DURHAM – IonQ, the quantum computing startup with ties to Duke University, is now publicly traded on the New York Stock Exchange following the business combination with a special purpose acquisition company (SPAC) last week.

The company, founded in 2015 by by Chris Monroe and Jungsang Kim, announced the merger plans in March.

IonQ combined with dMY Technology Group, Inc.

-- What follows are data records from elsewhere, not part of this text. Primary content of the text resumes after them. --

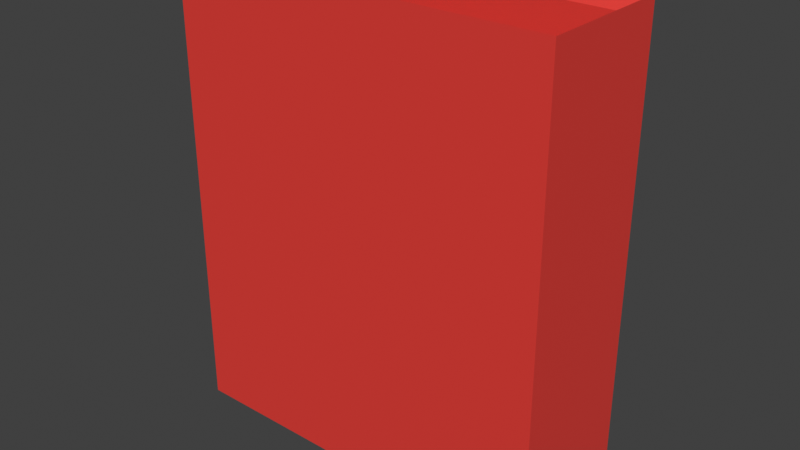 # Source: book_cover.blend  (saved by Blender 5.2.44; exported with 4.5.12 LTS)
import bpy
from mathutils import Matrix  # noqa: F401  (used for matrix-valued properties, if any)

bpy.ops.wm.read_factory_settings(use_empty=True)
scene = bpy.context.scene
scene.name = 'Scene'

# ---- collections
col_collection = bpy.data.collections.new('Collection'); scene.collection.children.link(col_collection)

# ---- materials (node trees are filled in below, after node groups)
mat_paper_001 = bpy.data.materials.new('Paper.001')
mat_cover_001 = bpy.data.materials.new('Cover.001')

# ---- material node trees
mat_paper_001.use_nodes = True; mat_paper_001.node_tree.nodes.clear()
_N = mat_paper_001.node_tree.nodes; _L = mat_paper_001.node_tree.links
n0 = _N.new('ShaderNodeBsdfPrincipled'); n0.name = 'Principled BSDF'; n0.location = (-200, 100)
n0.inputs[10].default_value = 0.005
n1 = _N.new('ShaderNodeOutputMaterial'); n1.name = 'Material Output'; n1.location = (200, 100)
_L.new(n0.outputs[0], n1.inputs[0])
n1.is_active_output = True
mat_cover_001.use_nodes = True; mat_cover_001.node_tree.nodes.clear()
_N = mat_cover_001.node_tree.nodes; _L = mat_cover_001.node_tree.links
n0 = _N.new('ShaderNodeBsdfPrincipled'); n0.name = 'Principled BSDF'; n0.location = (-200, 100)
n0.inputs[0].default_value = (0.7999, 0.04667, 0.0359, 1.0)
n0.inputs[10].default_value = 0.005
n1 = _N.new('ShaderNodeOutputMaterial'); n1.name = 'Material Output'; n1.location = (200, 100)
_L.new(n0.outputs[0], n1.inputs[0])
n1.is_active_output = True

# ---- world
world_world = bpy.data.worlds.new('World'); scene.world = world_world
world_world.use_nodes = True; world_world.node_tree.nodes.clear()
_N = world_world.node_tree.nodes; _L = world_world.node_tree.links
n0 = _N.new('ShaderNodeOutputWorld'); n0.name = 'World Output'; n0.location = (200, 100)
n1 = _N.new('ShaderNodeBackground'); n1.name = 'Background'; n1.location = (-200, 100)
n1.inputs[0].default_value = (0.05088, 0.05088, 0.05088, 1.0)
_L.new(n1.outputs[0], n0.inputs[0])
n0.is_active_output = True
world_world.color = (0.05088, 0.05088, 0.05088)
world_world.sun_shadow_jitter_overblur = 0.0

# ---- meshes
me_cube_001 = bpy.data.meshes.new('Cube.001')
me_cube_001.from_pydata([(-0.1312, -0.04505, -0.167), (-0.1313, -0.04505, 0.1669), (-0.1312, 0.04505, -0.167), (-0.1313, 0.04505, 0.1669), (0.1468, -0.04505, -0.167), (0.1468, -0.04505, 0.167), (0.1468, 0.04505, -0.167), (0.1468, 0.04505, 0.167), (0.1548, 0.053, 0.179), (0.1548, -0.053, 0.179), (-0.1432, -0.053, 0.179), (-0.1432, 0.053, 0.179), (-0.1432, 0.053, -0.179), (-0.1432, -0.053, -0.179), (0.1548, 0.053, -0.179), (0.1548, -0.053, -0.179)], [], [(4, 5, 7, 6), (12, 11, 8, 14), (14, 8, 9, 15), (15, 9, 10, 13), (3, 2, 6, 7), (0, 1, 5, 4), (3, 7, 8, 11), (7, 5, 9, 8), (5, 1, 10, 9), (1, 0, 13, 10), (2, 3, 11, 12), (6, 2, 12, 14), (4, 6, 14, 15), (0, 4, 15, 13)])
me_cube_001.polygons.foreach_set('material_index', [1, 1, 1, 1, 1, 1, 1, 1, 1, 1, 1, 1, 1, 1])
_uv = me_cube_001.uv_layers.new(name='UVMap')
_uv.uv.foreach_set('vector', [0.3563, 0.7313, 0.6438, 0.7313, 0.6438, 0.5188, 0.3563, 0.5188, 0.375, 0.25, 0.625, 0.25, 0.625, 0.5, 0.375, 0.5, 0.375, 0.5, 0.625, 0.5, 0.625, 0.75, 0.375, 0.75, 0.375, 0.75, 0.625, 0.75, 0.625, 1.0, 0.375, 1.0, 0.6063, 0.2313, 0.3938, 0.2313, 0.3563, 0.5188, 0.6438, 0.5188, 0.1438, 0.7313, 0.8563, 0.7313, 0.6438, 0.7313, 0.3563, 0.7313, 0.8563, 0.5188, 0.6438, 0.5188, 0.625, 0.5, 0.875, 0.5, 0.6438, 0.5188, 0.6438, 0.7313, 0.625, 0.75, 0.625, 0.5, 0.6438, 0.7313, 0.8563, 0.7313, 0.875, 0.75, 0.625, 0.75, 0.6063, 0.01875, 0.3938, 0.01875, 0.375, 0.0, 0.625, 0.0, 0.3938, 0.2313, 0.6063, 0.2313, 0.625, 0.25, 0.375, 0.25, 0.3563, 0.5188, 0.1437, 0.5188, 0.125, 0.5, 0.375, 0.5, 0.3563, 0.7313, 0.3563, 0.5188, 0.375, 0.5, 0.375, 0.75, 0.1438, 0.7313, 0.3563, 0.7313, 0.375, 0.75, 0.125, 0.75])
me_cube_001.materials.append(mat_paper_001)
me_cube_001.materials.append(mat_cover_001)
me_cube_001.update()

# ---- objects
ob_book_001 = bpy.data.objects.new('Book.001', me_cube_001)

# ---- transforms, parenting, visibility, modifiers, constraints
ob_book_001.location = (0.1486, 0.0, 0.1769)

# ---- collection membership
col_collection.objects.link(ob_book_001)

# ---- scene / render settings (as saved in the file)
scene.frame_start = 1; scene.frame_end = 250; scene.frame_set(1)
scene.render.engine = 'BLENDER_EEVEE_NEXT'
scene.render.bake_bias = 0.0
scene.render.bake_samples = 0
scene.render.compositor_device = 'GPU'
scene.eevee.use_volume_custom_range = False
scene.eevee.fast_gi_thickness_near = 0.1
scene.eevee.fast_gi_thickness_far = 0.0
scene.eevee.ray_tracing_options.screen_trace_thickness = 0.1
scene.view_settings.view_transform = 'Standard'
bpy.context.view_layer.update()

# ---- added for rendering (the .blend has no active camera and no usable light): camera, sun
cam_auto = bpy.data.cameras.new('AutoCamera')
cam_auto.lens = 50.0
cam_auto.sensor_width = 36.0
cam_auto.clip_end = 1000.0
ob_auto_camera = bpy.data.objects.new('AutoCamera', cam_auto)
scene.collection.objects.link(ob_auto_camera)
ob_auto_camera.location = (0.59633, -0.530384, 0.53042)
ob_auto_camera.rotation_euler = (1.09748, -7.21219e-08, 0.694738)
scene.camera = ob_auto_camera
light_auto_sun = bpy.data.lights.new('AutoSun', 'SUN')
light_auto_sun.energy = 3.0
light_auto_sun.angle = 0.0523599
ob_auto_sun = bpy.data.objects.new('AutoSun', light_auto_sun)
scene.collection.objects.link(ob_auto_sun)
ob_auto_sun.rotation_euler = (0.872665, 0.174533, 0.523599)
bpy.context.view_layer.update()

II after the SPAC’s stockholders granted final approval on the deal, with 97% approving, according to a statement issued last week.

“IonQ is bringing quantum computing to its Fortune 500 clients, and we believe will positively impact many key areas of valuable applied science in the coming decade,” said Niccolo de Masi, CEO of dMY III said in the statement. “It has been a privilege to get to know the team at IonQ and we are proud to support this next leg of their journey as a public company, where they will be capitalized to continue leading the industry they have pioneered for over two decades.”

As a part of the deal, which closed at the end of the day on September 30, 2021, Harry You and Niccolo de Masi joined the board of directors for IonQ, the company stated.

The company will now trade its stock on the New York Stock Exchange, under ticker symbol IONQ.  The company became the first publicly traded pure-play quantum computing company, according to the New York Stock Exchange.

Peter Chapman, IonQ’s president and CEO, rang The Opening Bell® on Friday, October 1.

The company operates with a licensing agreement with Duke University that translates the research into IonQ technology.

Monroe now heads the recently established Duke Quantum Center, based in downtown Durham in 20,000-square-foot facility.  Both Monroe and Kim are members of the Duke University faculty.  Monroe also testified in front of the House Committee on Science, Space and Technology in May, speaking about quantum computing.

The company also received $2 million in seed funding from New Enterprise Associates, and a license to technology developed at the University of Maryland at College Park, where Monroe conducted research prior to joining Duke University.

According to the company’s website, it raised an additional $20 million from GV, Amazon Web Services, and NEA, and built two of the world’s most accurate quantum computers.  The company then raised an additional $55 million in a round led by Samsung and Mubadala and announced partnerships with Microsoft and Amazon Web Services.

Duke professors’ quantum computing startup going public in $2B offering

The company anticipates developing modular quantum computers that can be networked by 2023, it said in March.

This week, the company also announced that its researchers have had a paper published in the journal Nature that indicates the results of quantum computers can be trusted, even when they are built from pieces that sometimes fail.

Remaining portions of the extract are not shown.